WHAT TO PRODUCE:
Lines containing "lineweight" should be pulled from the material below.

DATA PROVIDED:
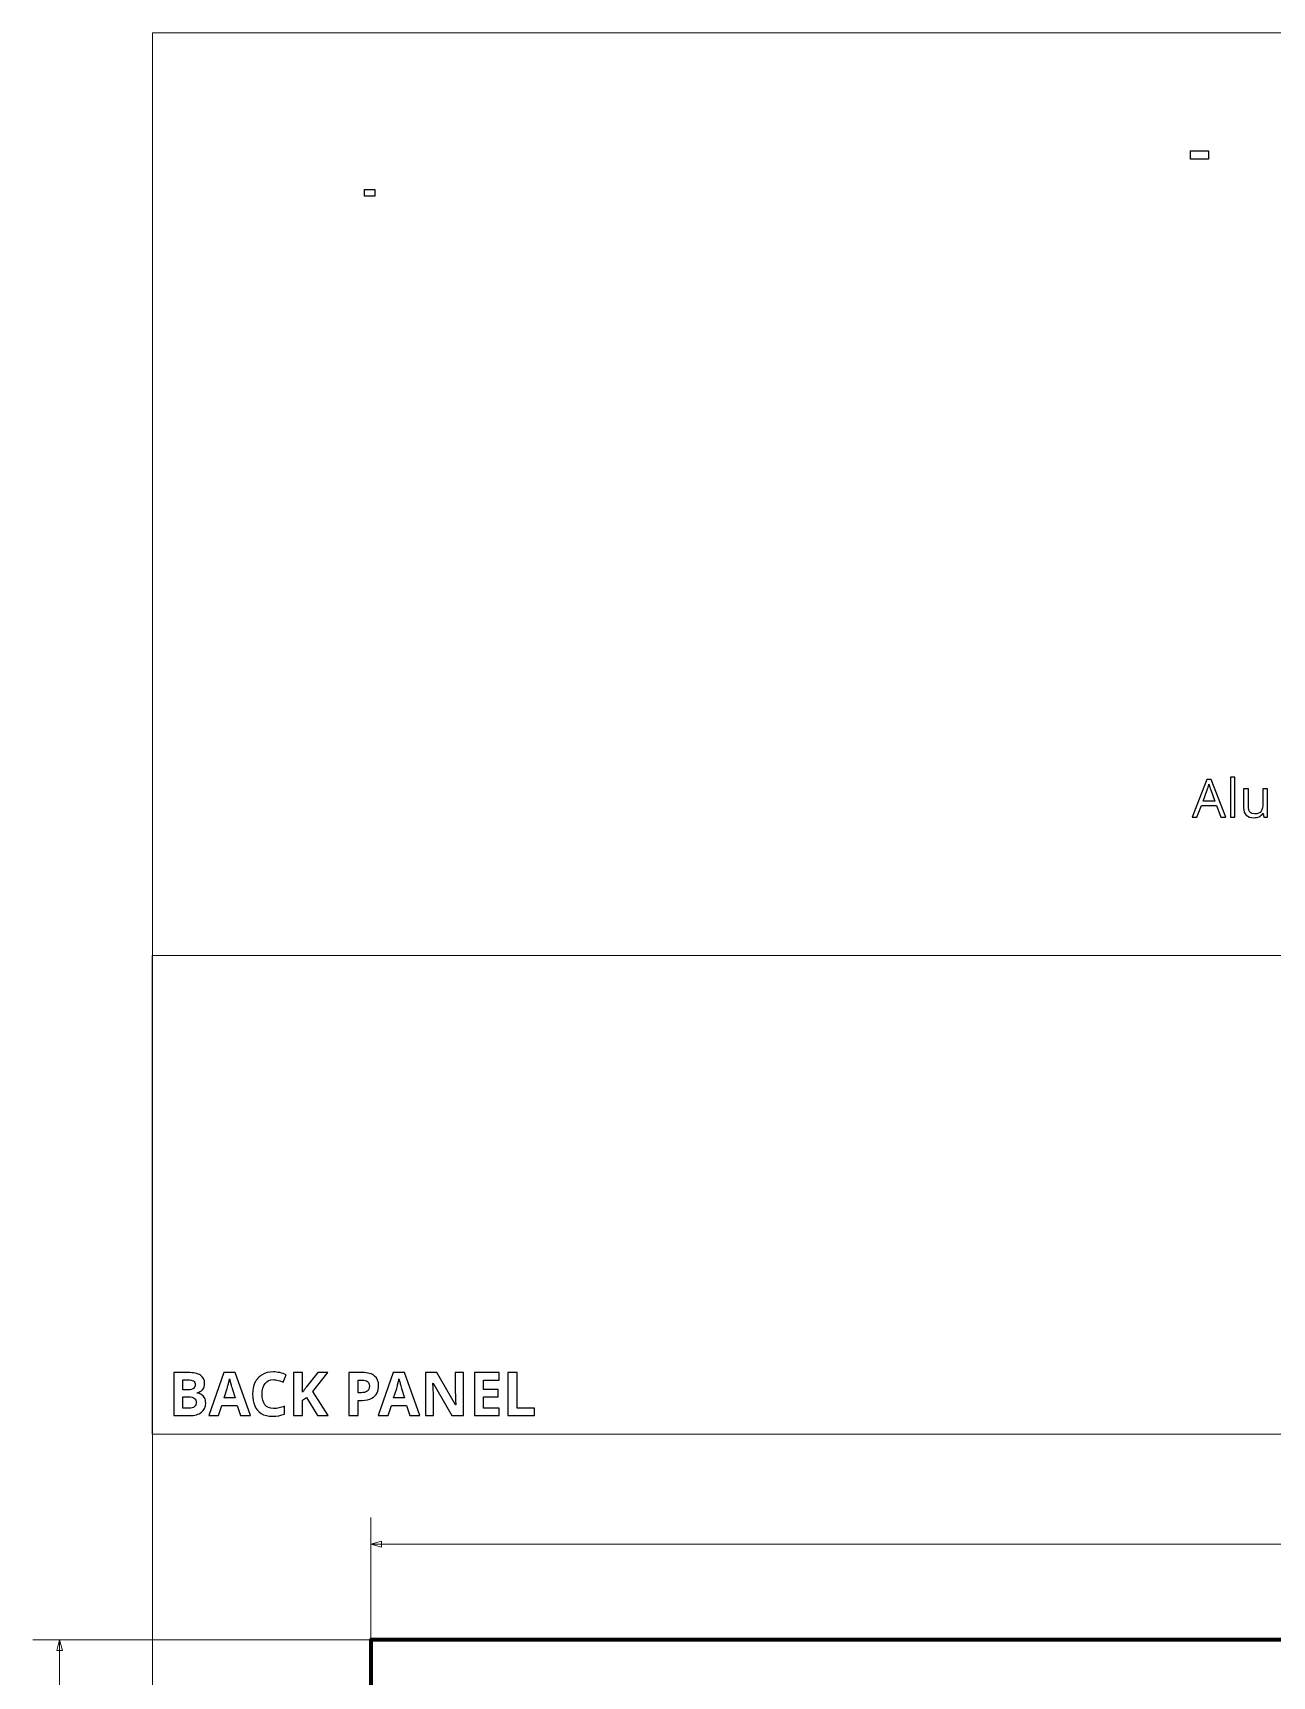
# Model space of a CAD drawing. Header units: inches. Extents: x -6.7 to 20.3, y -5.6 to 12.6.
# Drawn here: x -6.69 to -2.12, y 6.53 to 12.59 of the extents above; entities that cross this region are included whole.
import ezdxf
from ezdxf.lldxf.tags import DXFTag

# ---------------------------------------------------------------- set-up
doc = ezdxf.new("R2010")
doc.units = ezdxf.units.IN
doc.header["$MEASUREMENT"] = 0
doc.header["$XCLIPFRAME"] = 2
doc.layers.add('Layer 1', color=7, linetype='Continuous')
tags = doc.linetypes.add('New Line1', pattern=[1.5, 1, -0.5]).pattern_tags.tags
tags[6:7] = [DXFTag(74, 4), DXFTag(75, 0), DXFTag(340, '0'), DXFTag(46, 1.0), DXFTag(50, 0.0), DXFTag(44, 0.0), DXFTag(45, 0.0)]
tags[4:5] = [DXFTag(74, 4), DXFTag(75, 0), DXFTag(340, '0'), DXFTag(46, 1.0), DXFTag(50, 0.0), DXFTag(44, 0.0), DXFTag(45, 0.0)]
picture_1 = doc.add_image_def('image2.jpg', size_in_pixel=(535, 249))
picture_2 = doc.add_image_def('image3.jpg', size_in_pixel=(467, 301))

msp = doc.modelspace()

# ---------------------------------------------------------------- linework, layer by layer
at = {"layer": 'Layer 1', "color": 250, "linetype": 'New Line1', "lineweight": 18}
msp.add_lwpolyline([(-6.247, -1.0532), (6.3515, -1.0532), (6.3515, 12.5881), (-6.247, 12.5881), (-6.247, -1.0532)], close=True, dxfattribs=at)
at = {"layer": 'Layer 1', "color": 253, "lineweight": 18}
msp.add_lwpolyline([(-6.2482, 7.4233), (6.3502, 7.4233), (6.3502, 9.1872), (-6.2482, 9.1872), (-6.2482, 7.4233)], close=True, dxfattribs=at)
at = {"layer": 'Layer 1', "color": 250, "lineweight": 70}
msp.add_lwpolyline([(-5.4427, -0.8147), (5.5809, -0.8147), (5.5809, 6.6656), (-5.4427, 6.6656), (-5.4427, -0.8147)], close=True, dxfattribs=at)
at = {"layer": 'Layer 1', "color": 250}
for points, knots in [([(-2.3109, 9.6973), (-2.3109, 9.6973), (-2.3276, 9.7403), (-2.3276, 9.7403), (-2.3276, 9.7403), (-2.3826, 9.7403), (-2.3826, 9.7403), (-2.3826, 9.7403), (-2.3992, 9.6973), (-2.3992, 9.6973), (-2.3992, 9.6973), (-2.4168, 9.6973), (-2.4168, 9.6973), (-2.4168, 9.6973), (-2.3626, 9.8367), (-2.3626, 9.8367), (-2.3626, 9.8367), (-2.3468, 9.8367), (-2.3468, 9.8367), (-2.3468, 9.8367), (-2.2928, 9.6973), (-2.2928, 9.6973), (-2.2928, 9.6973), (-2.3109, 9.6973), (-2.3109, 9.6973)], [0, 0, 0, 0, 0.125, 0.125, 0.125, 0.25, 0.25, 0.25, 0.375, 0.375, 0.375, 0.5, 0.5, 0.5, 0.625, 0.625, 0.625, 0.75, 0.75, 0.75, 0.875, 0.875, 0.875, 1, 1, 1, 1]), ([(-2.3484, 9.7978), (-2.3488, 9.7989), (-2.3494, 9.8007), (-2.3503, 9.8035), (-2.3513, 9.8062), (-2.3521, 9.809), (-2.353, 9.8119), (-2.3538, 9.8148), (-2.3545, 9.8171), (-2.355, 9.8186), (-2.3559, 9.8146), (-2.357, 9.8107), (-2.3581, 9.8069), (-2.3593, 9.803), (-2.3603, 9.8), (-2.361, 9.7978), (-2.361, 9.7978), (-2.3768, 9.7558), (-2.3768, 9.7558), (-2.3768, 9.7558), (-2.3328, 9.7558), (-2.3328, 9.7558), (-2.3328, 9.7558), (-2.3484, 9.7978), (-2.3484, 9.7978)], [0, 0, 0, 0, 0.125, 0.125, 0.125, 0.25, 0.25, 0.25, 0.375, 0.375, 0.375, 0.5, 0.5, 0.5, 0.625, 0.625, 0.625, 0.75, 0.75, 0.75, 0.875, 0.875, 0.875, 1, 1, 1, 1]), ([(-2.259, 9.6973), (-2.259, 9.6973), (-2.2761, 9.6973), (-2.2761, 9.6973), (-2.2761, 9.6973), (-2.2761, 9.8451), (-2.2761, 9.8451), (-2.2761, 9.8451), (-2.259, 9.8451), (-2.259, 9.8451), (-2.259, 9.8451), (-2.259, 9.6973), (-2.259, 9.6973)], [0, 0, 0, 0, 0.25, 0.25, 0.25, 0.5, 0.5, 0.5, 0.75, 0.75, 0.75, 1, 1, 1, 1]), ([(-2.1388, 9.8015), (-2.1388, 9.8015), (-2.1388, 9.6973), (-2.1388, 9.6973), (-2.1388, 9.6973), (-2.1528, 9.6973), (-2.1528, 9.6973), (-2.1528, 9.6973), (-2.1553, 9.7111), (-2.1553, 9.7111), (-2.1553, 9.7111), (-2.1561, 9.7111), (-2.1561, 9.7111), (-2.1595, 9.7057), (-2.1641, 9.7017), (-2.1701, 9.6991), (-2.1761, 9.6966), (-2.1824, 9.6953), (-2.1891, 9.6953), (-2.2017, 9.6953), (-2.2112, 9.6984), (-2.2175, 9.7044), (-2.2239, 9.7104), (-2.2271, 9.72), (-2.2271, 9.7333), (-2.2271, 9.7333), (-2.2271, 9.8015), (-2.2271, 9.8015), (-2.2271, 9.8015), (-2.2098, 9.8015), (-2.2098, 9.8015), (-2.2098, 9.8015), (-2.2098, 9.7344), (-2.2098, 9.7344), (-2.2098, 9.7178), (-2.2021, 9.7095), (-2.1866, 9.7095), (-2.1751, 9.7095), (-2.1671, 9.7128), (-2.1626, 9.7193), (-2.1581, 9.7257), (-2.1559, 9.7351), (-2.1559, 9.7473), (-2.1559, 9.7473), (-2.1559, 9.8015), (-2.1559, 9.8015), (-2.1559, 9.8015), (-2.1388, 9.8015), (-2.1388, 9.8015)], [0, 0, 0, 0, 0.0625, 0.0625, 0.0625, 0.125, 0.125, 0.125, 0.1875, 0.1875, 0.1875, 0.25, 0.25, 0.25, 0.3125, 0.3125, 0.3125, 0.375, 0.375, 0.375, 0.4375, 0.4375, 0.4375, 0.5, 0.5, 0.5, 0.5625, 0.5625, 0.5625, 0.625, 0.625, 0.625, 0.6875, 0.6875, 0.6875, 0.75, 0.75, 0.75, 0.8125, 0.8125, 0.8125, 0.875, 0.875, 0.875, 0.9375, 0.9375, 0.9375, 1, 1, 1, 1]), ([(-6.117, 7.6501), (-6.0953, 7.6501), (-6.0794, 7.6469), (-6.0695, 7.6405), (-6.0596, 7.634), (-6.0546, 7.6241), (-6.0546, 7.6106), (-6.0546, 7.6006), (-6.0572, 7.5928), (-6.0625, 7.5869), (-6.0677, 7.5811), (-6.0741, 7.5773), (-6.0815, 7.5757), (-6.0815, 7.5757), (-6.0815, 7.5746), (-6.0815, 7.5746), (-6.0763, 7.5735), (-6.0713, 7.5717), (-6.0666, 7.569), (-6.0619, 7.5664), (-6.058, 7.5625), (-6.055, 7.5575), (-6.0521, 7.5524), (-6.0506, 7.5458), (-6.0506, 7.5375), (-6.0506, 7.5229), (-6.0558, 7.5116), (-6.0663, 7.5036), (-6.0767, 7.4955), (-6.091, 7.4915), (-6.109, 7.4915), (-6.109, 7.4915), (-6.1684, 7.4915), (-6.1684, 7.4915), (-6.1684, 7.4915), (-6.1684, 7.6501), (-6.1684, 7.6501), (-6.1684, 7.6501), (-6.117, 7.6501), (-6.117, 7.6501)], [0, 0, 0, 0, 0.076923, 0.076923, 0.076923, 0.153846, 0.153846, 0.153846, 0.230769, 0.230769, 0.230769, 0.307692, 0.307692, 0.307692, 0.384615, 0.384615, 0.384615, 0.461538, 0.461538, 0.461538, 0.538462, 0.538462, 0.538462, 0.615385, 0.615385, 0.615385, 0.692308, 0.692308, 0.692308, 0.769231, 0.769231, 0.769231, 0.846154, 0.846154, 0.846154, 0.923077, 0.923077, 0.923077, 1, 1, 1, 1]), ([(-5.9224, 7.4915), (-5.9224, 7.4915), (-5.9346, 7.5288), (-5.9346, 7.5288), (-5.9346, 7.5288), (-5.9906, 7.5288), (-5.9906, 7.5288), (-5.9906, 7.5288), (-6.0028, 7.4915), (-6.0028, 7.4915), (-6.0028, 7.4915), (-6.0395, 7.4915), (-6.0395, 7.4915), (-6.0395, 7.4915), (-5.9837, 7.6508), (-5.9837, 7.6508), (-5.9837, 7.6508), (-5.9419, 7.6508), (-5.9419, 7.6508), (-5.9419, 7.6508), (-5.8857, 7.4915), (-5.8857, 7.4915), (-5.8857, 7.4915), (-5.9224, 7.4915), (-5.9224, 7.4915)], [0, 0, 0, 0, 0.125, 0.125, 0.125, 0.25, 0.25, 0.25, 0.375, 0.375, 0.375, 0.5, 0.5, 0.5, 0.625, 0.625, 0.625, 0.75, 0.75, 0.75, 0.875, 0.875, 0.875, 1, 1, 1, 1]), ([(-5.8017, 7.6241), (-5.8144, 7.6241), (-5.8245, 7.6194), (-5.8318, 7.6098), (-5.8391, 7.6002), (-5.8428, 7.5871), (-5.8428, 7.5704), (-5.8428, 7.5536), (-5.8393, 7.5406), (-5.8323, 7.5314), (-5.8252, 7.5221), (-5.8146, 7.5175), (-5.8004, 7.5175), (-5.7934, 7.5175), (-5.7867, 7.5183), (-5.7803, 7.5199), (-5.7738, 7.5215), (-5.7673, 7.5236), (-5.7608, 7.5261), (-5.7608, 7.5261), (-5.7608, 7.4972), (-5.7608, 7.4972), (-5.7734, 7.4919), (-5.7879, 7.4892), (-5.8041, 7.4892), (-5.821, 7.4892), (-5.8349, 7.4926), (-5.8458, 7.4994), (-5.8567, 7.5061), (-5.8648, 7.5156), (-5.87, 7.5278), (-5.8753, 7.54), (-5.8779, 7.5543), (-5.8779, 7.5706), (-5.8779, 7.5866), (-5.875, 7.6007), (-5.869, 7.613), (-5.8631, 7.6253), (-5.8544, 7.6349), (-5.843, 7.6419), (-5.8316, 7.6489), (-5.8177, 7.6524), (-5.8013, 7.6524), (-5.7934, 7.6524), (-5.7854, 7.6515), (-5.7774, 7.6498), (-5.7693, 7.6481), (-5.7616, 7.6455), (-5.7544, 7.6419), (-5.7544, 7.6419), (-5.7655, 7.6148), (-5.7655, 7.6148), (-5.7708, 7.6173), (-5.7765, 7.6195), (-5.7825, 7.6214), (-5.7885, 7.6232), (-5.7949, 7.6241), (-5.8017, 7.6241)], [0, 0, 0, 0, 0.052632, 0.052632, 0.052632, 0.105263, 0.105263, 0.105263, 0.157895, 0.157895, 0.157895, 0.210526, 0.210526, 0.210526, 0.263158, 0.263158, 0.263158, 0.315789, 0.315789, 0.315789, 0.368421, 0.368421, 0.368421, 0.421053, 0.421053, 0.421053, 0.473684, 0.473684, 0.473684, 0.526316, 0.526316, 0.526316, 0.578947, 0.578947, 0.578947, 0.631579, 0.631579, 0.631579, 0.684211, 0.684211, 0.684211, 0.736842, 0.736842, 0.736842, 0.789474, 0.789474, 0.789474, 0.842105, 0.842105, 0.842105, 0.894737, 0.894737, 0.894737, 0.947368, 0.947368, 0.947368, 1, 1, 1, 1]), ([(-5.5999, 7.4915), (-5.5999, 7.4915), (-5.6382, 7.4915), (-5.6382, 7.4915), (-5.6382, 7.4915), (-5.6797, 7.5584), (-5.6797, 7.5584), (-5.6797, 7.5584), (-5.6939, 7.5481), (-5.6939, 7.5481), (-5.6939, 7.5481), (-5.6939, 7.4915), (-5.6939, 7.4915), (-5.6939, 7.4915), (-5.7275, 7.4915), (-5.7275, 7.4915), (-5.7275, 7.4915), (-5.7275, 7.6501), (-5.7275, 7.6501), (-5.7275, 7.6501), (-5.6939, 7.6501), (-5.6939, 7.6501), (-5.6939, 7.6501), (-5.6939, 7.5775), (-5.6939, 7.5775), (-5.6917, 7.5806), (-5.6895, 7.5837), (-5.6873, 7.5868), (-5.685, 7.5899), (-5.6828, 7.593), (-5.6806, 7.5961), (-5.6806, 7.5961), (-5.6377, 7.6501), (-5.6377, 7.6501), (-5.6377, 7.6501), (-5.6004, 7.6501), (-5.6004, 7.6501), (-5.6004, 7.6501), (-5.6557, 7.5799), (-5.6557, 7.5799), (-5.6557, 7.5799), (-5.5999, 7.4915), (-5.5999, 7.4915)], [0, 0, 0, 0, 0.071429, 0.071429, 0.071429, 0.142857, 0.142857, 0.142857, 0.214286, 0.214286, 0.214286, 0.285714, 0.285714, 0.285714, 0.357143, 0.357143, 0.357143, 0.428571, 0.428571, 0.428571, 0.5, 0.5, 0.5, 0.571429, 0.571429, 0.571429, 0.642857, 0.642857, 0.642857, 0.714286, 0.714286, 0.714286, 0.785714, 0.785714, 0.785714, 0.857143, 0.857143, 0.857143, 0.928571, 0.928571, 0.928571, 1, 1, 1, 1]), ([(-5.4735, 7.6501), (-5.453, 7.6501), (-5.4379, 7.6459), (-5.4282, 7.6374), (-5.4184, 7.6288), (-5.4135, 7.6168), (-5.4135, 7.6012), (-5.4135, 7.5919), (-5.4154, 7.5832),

WRITTEN SOLUTION:
at = {"layer": 'Layer 1', "color": 250, "linetype": 'New Line1', "lineweight": 18}
at = {"layer": 'Layer 1', "color": 253, "lineweight": 18}
at = {"layer": 'Layer 1', "color": 250, "lineweight": 70}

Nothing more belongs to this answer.